"We were stunned, and very moved. We did not expect that our gesture, which came from the heart, would have such consequences," the couple said, commenting on the Russian president's invitation to attend the Victory Day Parade in Moscow on May 9.
Earlier, the Magues sent two WWII-era military medals belonging to their family, along with a letter of gratitude, to the Russian ambassador in France, asking him to forward the medals to the family of Alexander Prokhorenko, the Russian officer who died in Syria during the liberation of the ancient city of Palmyra from Daesh terrorists in March.
In response to the poignant gesture, President Putin sent the couple a personal invitation to visit Moscow on May 9, and said that he would like to meet them personally.
Everything began in late March, when Russian media announced the death of Prokhorenko, a young officer serving in Syria, who called in airstrikes on his position when it became clear that he had been surrounded by Daesh militants outside Palmyra.
In their letter to the Russian ambassador, the Magues complained that the story hadn't been covered in French media. However, the couple's act of generosity soon made up for that, and their story quickly spread around the world after it was revealed that they would send the National Order of the Legion of Honor (the highest French order for military and civil merits) and the War Cross 1939-1945, medals bestowed on two members of their family for their feats of heroism in the Second World War.
Speaking to Sputnik, Jean-Claude and Micheline Mague explained why Prokhorenko's story struck a chord with them. "We remembered our own son, who was killed in Sarajevo, in Bosnia, although he did not die on the battlefield. We learned of his death just like that, by a phone call."

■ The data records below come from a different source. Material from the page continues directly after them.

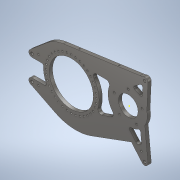
# Autodesk Inventor part: DTR-6
Saved by Autodesk Inventor 2021 (Build 250183000, 183)
## iProperties
Created: 2018-12-06
Part Number: DTR-6
Material: Aluminum 6061
Document SubType Name: Modeling
Designer: Lucas Foulk
Density: 2.7 g/cm^3
Appearance: Semi-Polished
Description: Right Mounting Plate
Material_Size: 1/2 Aluminum Plate
Quantity: 1
Author: Lucas Foulk
Autodesk Inventor part; units mm, degrees
ref_plane "YZ Plane" through (0, 0, 0) normal (1, 0, 0) x (0, 1, 0)
ref_plane "XZ Plane" through (0, 0, 0) normal (0, 1, 0) x (-1, 0, 0)
ref_plane "XY Plane" through (0, 0, 0) normal (0, 0, 1) x (1, 0, 0)
sketch "Sketch14" plane through (0, 0, 0) normal (0, 0, 1) x (1, 0, 0)
  circle A0 centre (0, 0) radius 69.85
  circle A1 centre (59.6616, 114.3) radius 12.7
  circle A2 centre (59.6616, -157.9372) radius 12.7
  circle A3 centre (-225.4026, -38.1) radius 107.95
  line L0 (52.1743, 124.5582) -> (-41.1802, 56.42)
  line L1 (72.3489, 113.732) -> (67.9766, 16.0689)
  line L2 (59.6616, 114.3) -> (0, 0)
  line L3 (0, 0) -> (59.6616, -157.9372)
  line L4 (72.2989, -156.6771) -> (60.2073, -35.4133)
  line L5 (50.0015, -166.1818) -> (-53.1301, -45.3456)
  line L6 (-547.6025, 1708.7209) -> (-492.7385, 1708.7209)
  circle A4 centre (-377.8026, -107.1372) radius 12.7
  circle A5 centre (-377.8026, -12.7) radius 12.7
  line L7 (-377.8026, -25.4) -> (-332.603, -25.4)
  line L8 (-377.8026, -94.4372) -> (-317.4859, -94.4372)
  line L9 (59.6616, 114.3) -> (59.6616, -157.9372)
  line L10 (-380.0803, -119.6313) -> (-244.7629, -144.2997)
  line L11 (-383.8817, -1.5494) -> (-277.0748, 56.6797)
  point P0 (49.5036, 49.279)
  point P1 (31.1227, 62.5332)
  point P2 (49.5036, 49.279)
  point P3 (-216.3804, 69.4723)
  point P4 (27.7497, 64.1013)
  point P5 (-222.5423, 69.8121)
  point P6 (64.0721, 27.817)
  point P7 (-119.2874, -57.9179)
  point P8 (35.0174, 60.4384)
  point P9 (30.2851, 62.9431)
  point P10 (30.2566, 62.9568)
  point P11 (-183.3373, 61.3169)
  point P12 (-197.0061, 66.0482)
  point P13 (-176.345, 58.059)
  dimension "d96" = 215.9
  dimension "d99" = 139.7
  dimension "d97" = 54.864
  dimension "d98" = 228.6
  dimension "d100" = 25.4
  dimension "d101" = 25.4
  dimension "d102" = 152.4
  dimension "d103" = 152.4
  dimension "d104" = 94.4372
  dimension "d105" = 25.4
  dimension "d108" = 272.2372
  dimension "d109" = 38.1
  dimension "d132" = 127
  dimension "d133" = 437.4642
  dimension "d207" = 25
  dimension "d208" = 15
  constraints: 24 end point, 8 point on circle, 8 tangent, 4 centre point, 3 horizontal, 2 coincident, 2 equal radius, 1 vertical, 30 other
  measures "d97" distance of L6.start L6.end
  measures "d98" distance of point (-225.403, -38.1) point (0, 0)
  measures "d100" diameter of A1
  measures "d101" diameter of A4
  measures "d102" horizontal distance of A4.centre point (-225.403, -38.1)
  measures "d103" horizontal distance of A5.centre point (-225.403, -38.1)
  measures "d104" distance of A4.centre A5.centre
  measures "d105" vertical distance of A5.centre point (-225.403, -38.1)
  measures "d108" distance of L9.start L9.end
  measures "d109" vertical distance of point (-225.403, -38.1) point (0, 0)
  measures "d132" vertical distance of L9.start A5.centre
  measures "d133" horizontal distance of L9.start A5.centre
  measures "d207" angle of L2 L1
  measures "d208" angle of L3 L4
extrude "Extrusion13" add sketch "Sketch14" along normal blind 12.7
sketch "Sketch15" plane through (0, 0, 12.7) normal (0, 0, 1) x (1, 0, 0)
  arc A0 (-383.8817, -1.5494) -> (-377.8026, -25.4) centre (-377.8026, -12.7) ccw projected
  arc A1 (-377.8026, -94.4372) -> (-380.0803, -119.6313) centre (-377.8026, -107.1372) ccw projected
  arc A2 (50.0015, -166.1818) -> (72.2989, -156.6771) centre (59.6616, -157.9372) ccw projected
  arc A3 (72.3489, 113.732) -> (52.1743, 124.5582) centre (59.6616, 114.3) ccw projected
  point P0 (0, 0)
  constraints: 4 coincident
hole "Hole4" at (-377.8026, -12.7, 12.7) at (-377.8026, -107.1372, 12.7) at (59.6616, -157.9372, 12.7) at (59.6616, 114.3, 12.7) direction (0, 0, -1) diameter 9.8044 depth 12.2936 tip angle 118 clearance for "Flat Head Machine Screw (82)" size "3/8" standard "Ansi Unified Screw Threads"
sketch "Sketch18" plane through (0, 0, 12.7) normal (0, 0, 1) x (1, 0, 0)
  arc A0 (-244.7629, -144.2997) -> (-277.0748, 56.6797) centre (-225.4026, -38.1) ccw projected
  arc A1 (-41.1802, 56.42) -> (-53.1301, -45.3456) centre (0, 0) ccw projected
  arc A2 (-36.2787, -59.6899) -> (-53.8815, 44.45) centre (0, 0) ccw
  line L0 (-189.9226, -140.0528) -> (22.9577, -65.9694)
  line L1 (-132.5746, -93.2013) -> (-36.2787, -59.6899)
  line L2 (-225.4026, 69.85) -> (0, 69.85)
  line L3 (-155.8419, 44.45) -> (-53.8815, 44.45)
  arc A3 (-155.8419, 44.45) -> (-225.4026, 69.85) centre (-225.4026, -38.1) ccw
  arc A4 (-189.9226, -140.0528) -> (-132.5746, -93.2013) centre (-225.4026, -38.1) ccw
  dimension "d134" = 25.4
  dimension "d135" = 25.4
  constraints: 11 point on circle, 8 end point, 4 tangent, 3 centre point, 2 coincident, 2 parallel, 1 concentric
  measures "d134" distance between parallel lines of L2 L3
  measures "d135" distance between parallel lines of L0 L1
extrude "Extrusion15" add sketch "Sketch18" against normal up to surface (12.7 mm away) contours A0 L1 A2 L0 | A0 L2 A2 A1 L3
sketch "Sketch21" plane through (0, 0, 12.7) normal (0, 0, 1) x (1, 0, 0)
  line L0 (-13.2861, -92.0295) -> (-65.0964, -110.0597)
  line L1 (-0.0132, -107.5811) -> (-71.1332, -132.3311)
  line L2 (-189.9226, -140.0528) -> (-22.1348, -81.6618) projected
  line L3 (-22.1348, -81.6618) -> (50.0015, -166.1818) projected
  line L4 (-65.0964, -110.0597) -> (-73.9451, -99.6921)
  line L5 (-71.1332, -132.3311) -> (-93.2548, -106.4119)
  point P0 (0, 0)
  point P1 (-525.367, -226.8446)
  dimension "d247" = 19.05
  dimension "d249" = 19.05
  dimension "d250" = 12.7
  dimension "d251" = 71.12
  constraints: 8 end point, 4 parallel, 4 point on line
  measures "d247" distance between parallel lines of L1 L0
  measures "d249" distance between parallel lines of L5 L4
  measures "d250" distance between parallel lines of L2 L0
  measures "d251" horizontal distance of L1.start L1.end
extrude "Extrusion17" add sketch "Sketch21" against normal up to surface (12.7 mm away)
sketch "Sketch27" plane through (0, 0, 12.7) normal (0, 0, 1) x (1, 0, 0)
  line L0 (-225.4026, -136.525) -> (-225.4026, 60.325)
  line L1 (-323.8276, -38.1) -> (-126.9776, -38.1)
  circle A0 centre (-225.4026, -38.1) radius 85.725 projected
  point P0 (0, 0)
  point P1 (-300.8006, -101.3664)
  point P2 (-288.669, 37.2979)
  point P3 (-150.0047, 25.1664)
  point P4 (-162.1363, -113.4979)
  point P5 (-242.494, -135.0297)
  point P6 (-322.3323, -21.0087)
  point P7 (-208.3113, 58.8297)
  point P8 (-128.4729, -55.1913)
  point P9 (-176.1901, -123.3386)
  point P10 (-310.6412, -87.3125)
  point P11 (-274.6151, 47.1386)
  point P12 (-140.1641, 11.1125)
  point P13 (-132.9134, -71.7633)
  point P14 (-259.066, -130.5892)
  point P15 (-317.8919, -4.4367)
  point P16 (-191.7393, 54.3892)
  point P17 (-132.9134, -4.4367)
  point P18 (-191.7393, -130.5892)
  point P19 (-317.8919, -71.7633)
  point P20 (-259.066, 54.3892)
  point P21 (-176.1901, 47.1386)
  point P22 (-140.1641, -87.3125)
  point P23 (-274.6151, -123.3386)
  point P24 (-310.6412, 11.1125)
  point P25 (-242.494, 58.8297)
  point P26 (-128.4729, -21.0087)
  point P27 (-208.3113, -135.0297)
  point P28 (-322.3323, -55.1913)
  point P29 (-300.8006, 25.1664)
  point P30 (-162.1363, 37.2979)
  point P31 (-150.0047, -101.3664)
  point P32 (-288.669, -113.4979)
  dimension "d178" = 196.85
  dimension "d181" = 360
  constraints: 5 coincident, 4 end point, 2 midpoint, 1 horizontal, 1 perpendicular, 1 vertical, 37 other
  measures "d178" distance of L0.start L0.end
hole "Hole9" at (-323.8276, -38.1, 12.7) at (-225.4026, -136.525, 12.7) at (-225.4026, 60.325, 12.7) at (-126.9776, -38.1, 12.7) at (-300.8006, -101.3664, 12.7) at (-288.669, 37.2979, 12.7) at (-150.0047, 25.1664, 12.7) at (-162.1363, -113.4979, 12.7) at (-242.494, -135.0297, 12.7) at (-322.3323, -21.0087, 12.7) at (-208.3113, 58.8297, 12.7) at (-128.4729, -55.1913, 12.7) at (-176.1901, -123.3386, 12.7) at (-310.6412, -87.3125, 12.7) at (-274.6151, 47.1386, 12.7) at (-140.1641, 11.1125, 12.7) at (-132.9134, -71.7633, 12.7) at (-259.066, -130.5892, 12.7) at (-317.8919, -4.4367, 12.7) at (-191.7393, 54.3892, 12.7) at (-132.9134, -4.4367, 12.7) at (-191.7393, -130.5892, 12.7) at (-317.8919, -71.7633, 12.7) at (-259.066, 54.3892, 12.7) at (-176.1901, 47.1386, 12.7) at (-140.1641, -87.3125, 12.7) at (-274.6151, -123.3386, 12.7) at (-310.6412, 11.1125, 12.7) at (-242.494, 58.8297, 12.7) at (-128.4729, -21.0087, 12.7) at (-208.3113, -135.0297, 12.7) at (-322.3323, -55.1913, 12.7) at (-300.8006, 25.1664, 12.7) at (-162.1363, 37.2979, 12.7) at (-150.0047, -101.3664, 12.7) at (-288.669, -113.4979, 12.7) direction (0, 0, -1) diameter 6.5278 end through all clearance for "Socket Head Cap Screw" size "1/4" standard "Ansi Unified Screw Threads"
sketch "Sketch29" plane through (0, 0, 12.7) normal (0, 0, 1) x (1, 0, 0)
  circle A0 centre (-377.8026, -12.7) radius 4.9022 projected
  circle A1 centre (-377.8026, -107.1372) radius 4.9022 projected
  circle A2 centre (59.6616, -157.9372) radius 4.9022 projected
  circle A3 centre (59.6616, 114.3) radius 4.9022 projected
  line L0 (-377.8026, -12.7) -> (-352.4026, -2.6443)
  line L1 (-377.8026, -107.1372) -> (-352.4026, -107.1372)
  line L2 (59.6616, -157.9372) -> (46.9616, -128.1441)
  circle A4 centre (59.6616, 114.3) radius 4.9022 projected
  line L3 (-277.0748, 56.6797) -> (-383.8817, -1.5494) projected
  line L4 (52.1743, 124.5582) -> (-22.7801, 69.85) projected
  line L5 (67.9766, 16.0689) -> (72.3489, 113.732) projected
  line L6 (72.2989, -156.6771) -> (60.2073, -35.4133) projected
  line L7 (-53.1301, -45.3456) -> (50.0015, -166.1818) projected
  point P0 (0, 0)
  point P1 (20.7198, 101.6)
  point P2 (22.4341, -133.8818)
  dimension "d191" = 25.4
  dimension "d192" = 7
  dimension "d193" = 25.4
  dimension "d194" = 51.311
  dimension "d197" = 34.786
  dimension "d198" = 17.393
  dimension "d199" = 12.7
  constraints: 6 end point, 3 coincident, 1 horizontal
  measures "d191" distance of L1.start L1.end
  measures "d192" angle of L3 L0
  measures "d193" horizontal distance of L0.start L0.end
  measures "d194" angle of L4 L5
  measures "d197" angle of L6 L7
  measures "d198" angle of L6 L2
  measures "d199" horizontal distance of L2.start L2.end
hole "Hole10" at (-352.4026, -2.6443, 12.7) at (-352.4026, -107.1372, 12.7) at (46.9616, -128.1441, 12.7) direction (0, 0, -1) diameter 6.7564 end through all clearance for "Flat Head Machine Screw (82)" size "1/4" standard "Ansi Unified Screw Threads"
sketch "Sketch31" plane through (0, 0, 12.7) normal (0, 0, 1) x (1, 0, 0)
  circle A0 centre (-352.4026, -107.1372) radius 3.3782 projected
  circle A1 centre (-352.4026, -2.6443) radius 3.3782 projected
  circle A2 centre (46.9616, -128.1441) radius 3.3782 projected
  circle A3 centre (-150.0047, -101.3664) radius 3.2639 projected
  circle A4 centre (-300.8006, 25.1664) radius 3.2639 projected
  circle A5 centre (-208.3113, -135.0297) radius 3.2639 projected
  circle A6 centre (-242.494, 58.8297) radius 3.2639 projected
  circle A7 centre (-274.6151, -123.3386) radius 3.2639 projected
  circle A8 centre (-176.1901, 47.1386) radius 3.2639 projected
  circle A9 centre (-317.8919, -71.7633) radius 3.2639 projected
  circle A10 centre (-132.9134, -4.4367) radius 3.2639 projected
  circle A11 centre (-317.8919, -4.4367) radius 3.2639 projected
  circle A12 centre (-132.9134, -71.7633) radius 3.2639 projected
  circle A13 centre (-274.6151, 47.1386) radius 3.2639 projected
  circle A14 centre (-176.1901, -123.3386) radius 3.2639 projected
  circle A15 centre (-208.3113, 58.8297) radius 3.2639 projected
  circle A16 centre (-242.494, -135.0297) radius 3.2639 projected
  circle A17 centre (-150.0047, 25.1664) radius 3.2639 projected
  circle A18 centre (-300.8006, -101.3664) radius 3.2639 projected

And so, they decided to send the Prokhorenkos the most valuable thing they had: two war medals received by their relatives for service in the Second World War.
The medals, they explained, aren't the only ones in their family's collection, but carry a special significance. The Legion of Honor medal was awarded to Micheline's uncle. "He was my godfather, and I loved him very much," she noted.
A radio engineer and a member of the 'Alliance' resistance group, the uncle had been captured by the Gestapo and deported to Buchenwald at age 17. Unlike his commander, who jumped out of the rail car on the way to the concentration camp, he stayed, "fearing retaliation against his family."
The War Cross belonged to Micheline's father, a bomber pilot, who answered General Charles de Gaulle's legendary appeal of June 18, 1940 to continue the fight against the Nazi German occupation after France's capitulation.
With the Magues spending part of their careers in the military, their son too would follow in his family's footsteps, becoming a captain in the French Army's engineering forces.
"When my son would jump on my lap, it would be to a military march," Micheline recalled. And there was always a connection with Russia, she added. While he was serving in the Western Sahara, a Russian officer presented her son with his cap.
Admirers of classical Russian writers and musicians Leo Tolstoy, Sergei Eisenstein and Alexander Borodin, the Magues will soon get a chance to discover another side of Russia, something they said was completely unexpected.
"We just put ourselves in the place of the parents who lost their 25-year-old son, who felt the same pain we did when we lost ours. And that was it. We did not want anything else, not politics or anything else."
Now, they have been invited to Victory Day celebrations on May 9. For the couple, who has lived in the small southern French town of Florencsac for 20 years, the invitation carries with it a special significance. All stories overlap, Jean-Claude Mague reasons, but "one fine day, all wars will end."